Undergraduate students in the Stokes lab analyze biologically- and environmentally-relevant interfaces, particularly the lipid-aqueous interface. In addition to learning to use the laser spectroscopy method second harmonic generation (SHG), students in our lab also learn to use a myriad of bioanalytical techniques and surface analysis tools including atomic force microscopy (AFM), contact angle goniometry, circular dichroism (CD), UV-Vis spectroscopy, attenuated total reflectance Fourier Transform Infrared (ATR-FTIR) spectroscopy, fluorescence microscopy, and dynamic light scattering (DLS). Here are two current projects we are working on:

1) Adsorption of antipsychotics to integral membrane receptors

We are studying two small-molecule drugs, clozapine and chlorpromazine, which are similar in size and hydrophobicity, but differ in shape, charge, and electronic properties. Both drugs target membrane-bound receptors in the brain and are FDA-approved to treat schizophrenia. Using second harmonic generation, a laser-based spectroscopy, we directly quantify adsorption of both clozapine and chlorpromazine to artificial membranes, called supported lipid bilayers. These membranes are composed of phospholipids which mimic the lipids found in the plasma membrane of human brain cells. Drug-membrane receptor interactions are difficult to study and model in vitro because proteins denature and unfold in aqueous solution, and can aggregate and form microdomains in lipid phases. We aim to differentiate between drug-lipid and drug-protein interactions. Our studies will provide a molecular-level, quantitative description of how antipsychotic drugs such as clozapine and chlorpromazine bind to transmembrane proteins such as the serotonin and dopamine receptors.

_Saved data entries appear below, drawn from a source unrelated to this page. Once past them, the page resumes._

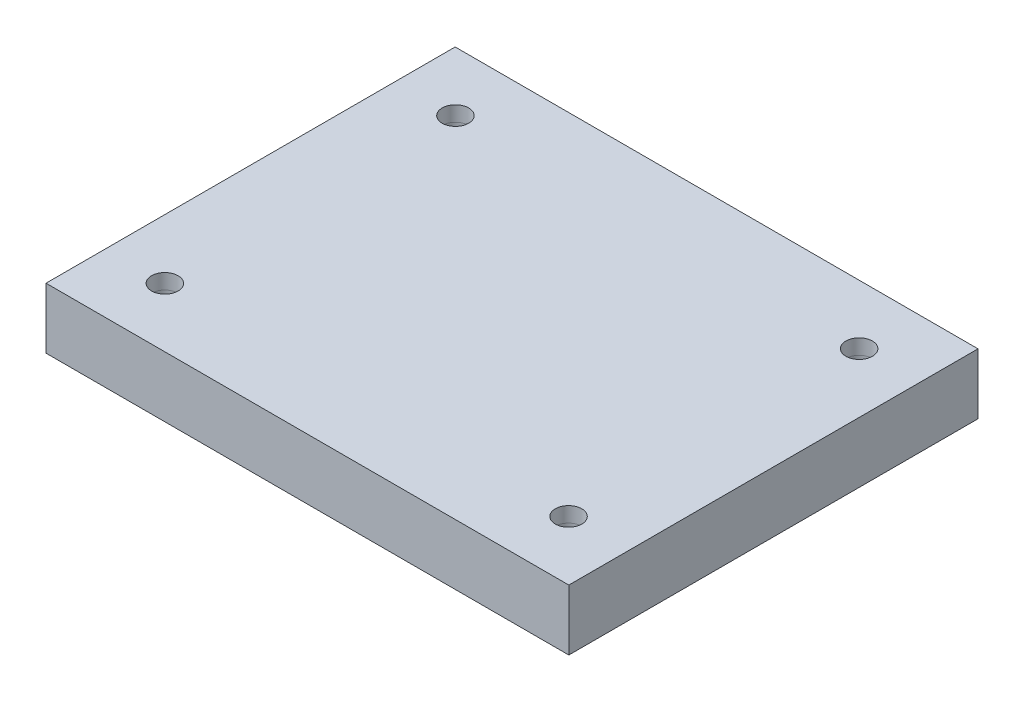
SolidWorks part; units mm, degrees
ref_plane "Front Plane" through (0, 0, 0) normal (0, 0, 1) x (1, 0, 0)
ref_plane "Top Plane" through (0, 0, 0) normal (0, 1, 0) x (1, 0, 0)
ref_plane "Right Plane" through (0, 0, 0) normal (1, 0, 0) x (0, 0, -1)
sketch "Sketch1" plane through (0, 0, 0) normal (0, 1, 0) x (1, 0, 0)
  line L0 (-34.5, -27) -> (-34.5, 27)
  line L1 (-30.5, -23) -> (30.5, -23)
  line L2 (-30.5, -23) -> (-30.5, 23)
  line L3 (-30.5, 23) -> (30.5, 23)
  line L4 (30.5, -23) -> (30.5, 23)
  line L5 (-30.5, -23) -> (30.5, 23) construction
  line L6 (-30.5, 23) -> (30.5, -23) construction
  line L7 (-34.5, 27) -> (34.5, 27)
  line L8 (34.5, -27) -> (34.5, 27)
  line L9 (-34.5, -27) -> (34.5, -27)
  point P0 (0, 0)
  dimension "D1" = 46
  dimension "D2" = 61
  dimension "D3" = 4
extrude "Boss-Extrude1" add sketch "Sketch1" along normal blind 6
sketch "Sketch2" plane through (0, 6, 0) normal (0, 1, 0) x (1, 0, 0)
  line L0 (0, -3.3) -> (0, 3.3) construction
  line L1 (-34.5, -27) -> (34.5, -27)
  line L2 (-34.5, -27) -> (-34.5, 27)
  line L3 (-34.5, 27) -> (34.5, 27)
  line L4 (34.5, -27) -> (34.5, 27)
  line L5 (-3.3, 0) -> (3.3, 0) construction
  circle A0 centre (-26.6383, 19.175) radius 1.75
  circle A1 centre (26.6383, 19.175) radius 1.75
  circle A2 centre (26.6383, -19.175) radius 1.75
  circle A3 centre (-26.6383, -19.175) radius 1.75
  dimension "D1" = 53.2767
  dimension "D3" = 3.5
  dimension "D2" = 38.35
extrude "Boss-Extrude2" add sketch "Sketch2" along normal blind 2
sketch "Sketch3" plane through (0, 6, 0) normal (0, -1, 0) x (1, 0, 0)
  circle A0 centre (-26.6383, 19.175) radius 3.9
  circle A1 centre (-26.6383, -19.175) radius 3.9
  circle A2 centre (26.6383, -19.175) radius 3.9
  circle A3 centre (26.6383, 19.175) radius 3.9
  circle A4 centre (-26.6383, 19.175) radius 1.75 construction
  circle A5 centre (26.6383, -19.175) radius 1.75 construction
  circle A6 centre (26.6383, 19.175) radius 1.75 construction
  circle A7 centre (-26.6383, -19.175) radius 1.75 construction
  circle A8 centre (26.6383, -19.175) radius 1.75
  circle A9 centre (26.6383, 19.175) radius 1.75
  circle A10 centre (-26.6383, 19.175) radius 1.75
  circle A11 centre (-26.6383, -19.175) radius 1.75
  dimension "D1" = 7.8
extrude "Boss-Extrude5" add sketch "Sketch3" along normal blind 6 separate body
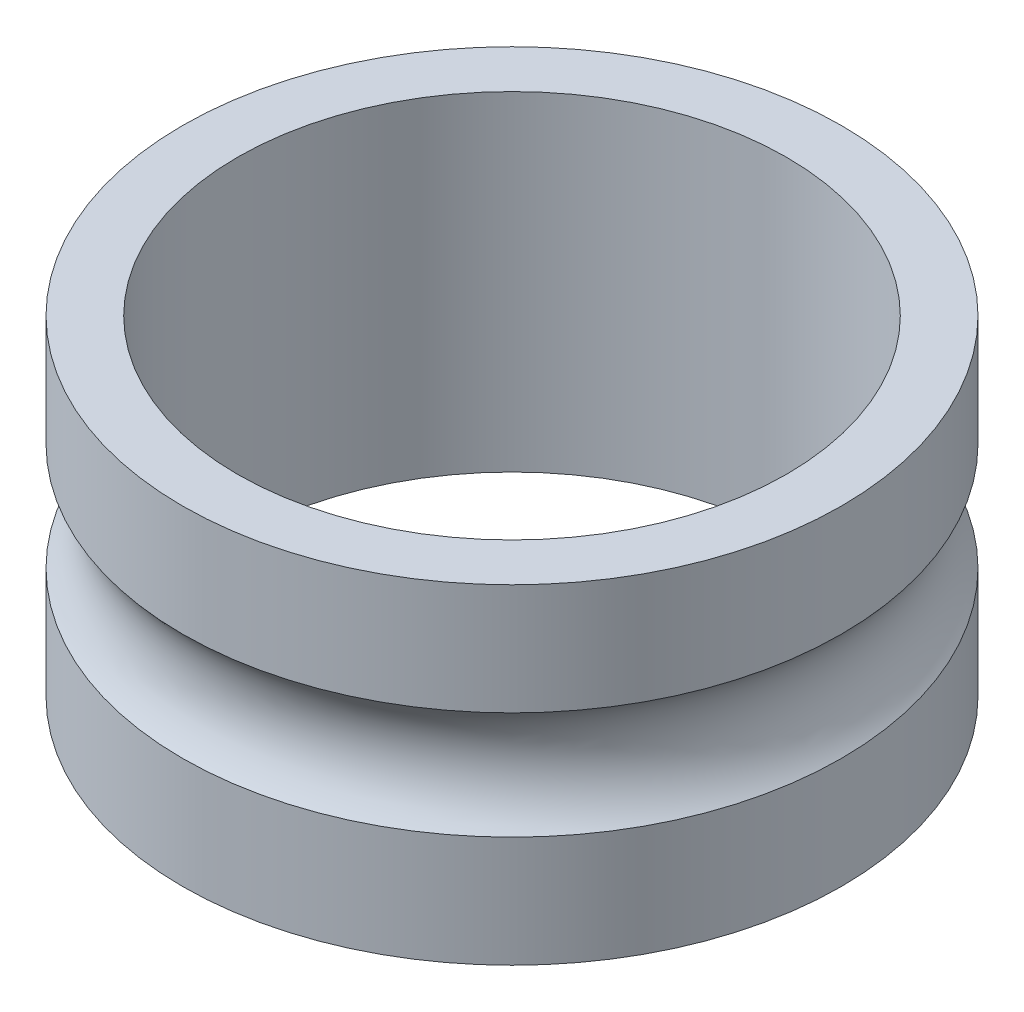
SolidWorks part; units mm, degrees
material "Chrome Stainless Steel"
ref_plane "Front Plane" through (0, 0, 0) normal (0, 0, 1) x (1, 0, 0)
ref_plane "Top Plane" through (0, 0, 0) normal (0, 1, 0) x (1, 0, 0)
ref_plane "Right Plane" through (0, 0, 0) normal (1, 0, 0) x (0, 0, -1)
sketch "Diameter Profile Sketch" plane through (0, 0, 0) normal (0, 1, 0) x (1, 0, 0)
  circle A0 centre (0, 0) radius 2.5
  circle A1 centre (0, 0) radius 3
  dimension "InnerDia" = 5
  dimension "Thickness" = 0.5
extrude "Diameter Profile" add sketch "Diameter Profile Sketch" along normal mid plane 3
sketch "Bearing Path Profile Sketch" plane through (0, 0, 0) normal (0, 0, 1) x (1, 0, 0)
  line L0 (0, 0) -> (3.5, 0) construction
  line L3 (0, 1.5) -> (0, -1.5) construction
  circle A0 centre (3.5, 0) radius 0.7
  dimension "BallDia" = 1.4
  dimension "YDim" = 0.5
  dimension "RefRadius" = 3.5
revolve "Bearing Path Profile" cut sketch "Bearing Path Profile Sketch" angle 360 about axis through (0, 1.5, 0) along (0, -1, 0)

2) A predictive model describing how water-soluble peptoids adsorb to lipid bilayers

Given the promising applications of peptoid-based therapies, a molecular-level understanding of how peptoids interact with phospholipids—a major component of cell plasma membranes—is very important and will allow us predict how peptoids will behave in the human body.  We quantified binding of 3- and 15-residue water-soluble peptoids adsorbed to phospholipids of varying compositions.  We aim to generalize these studies and provide a predictive model describing peptoid sequence features that contribute to their interactions with lipids.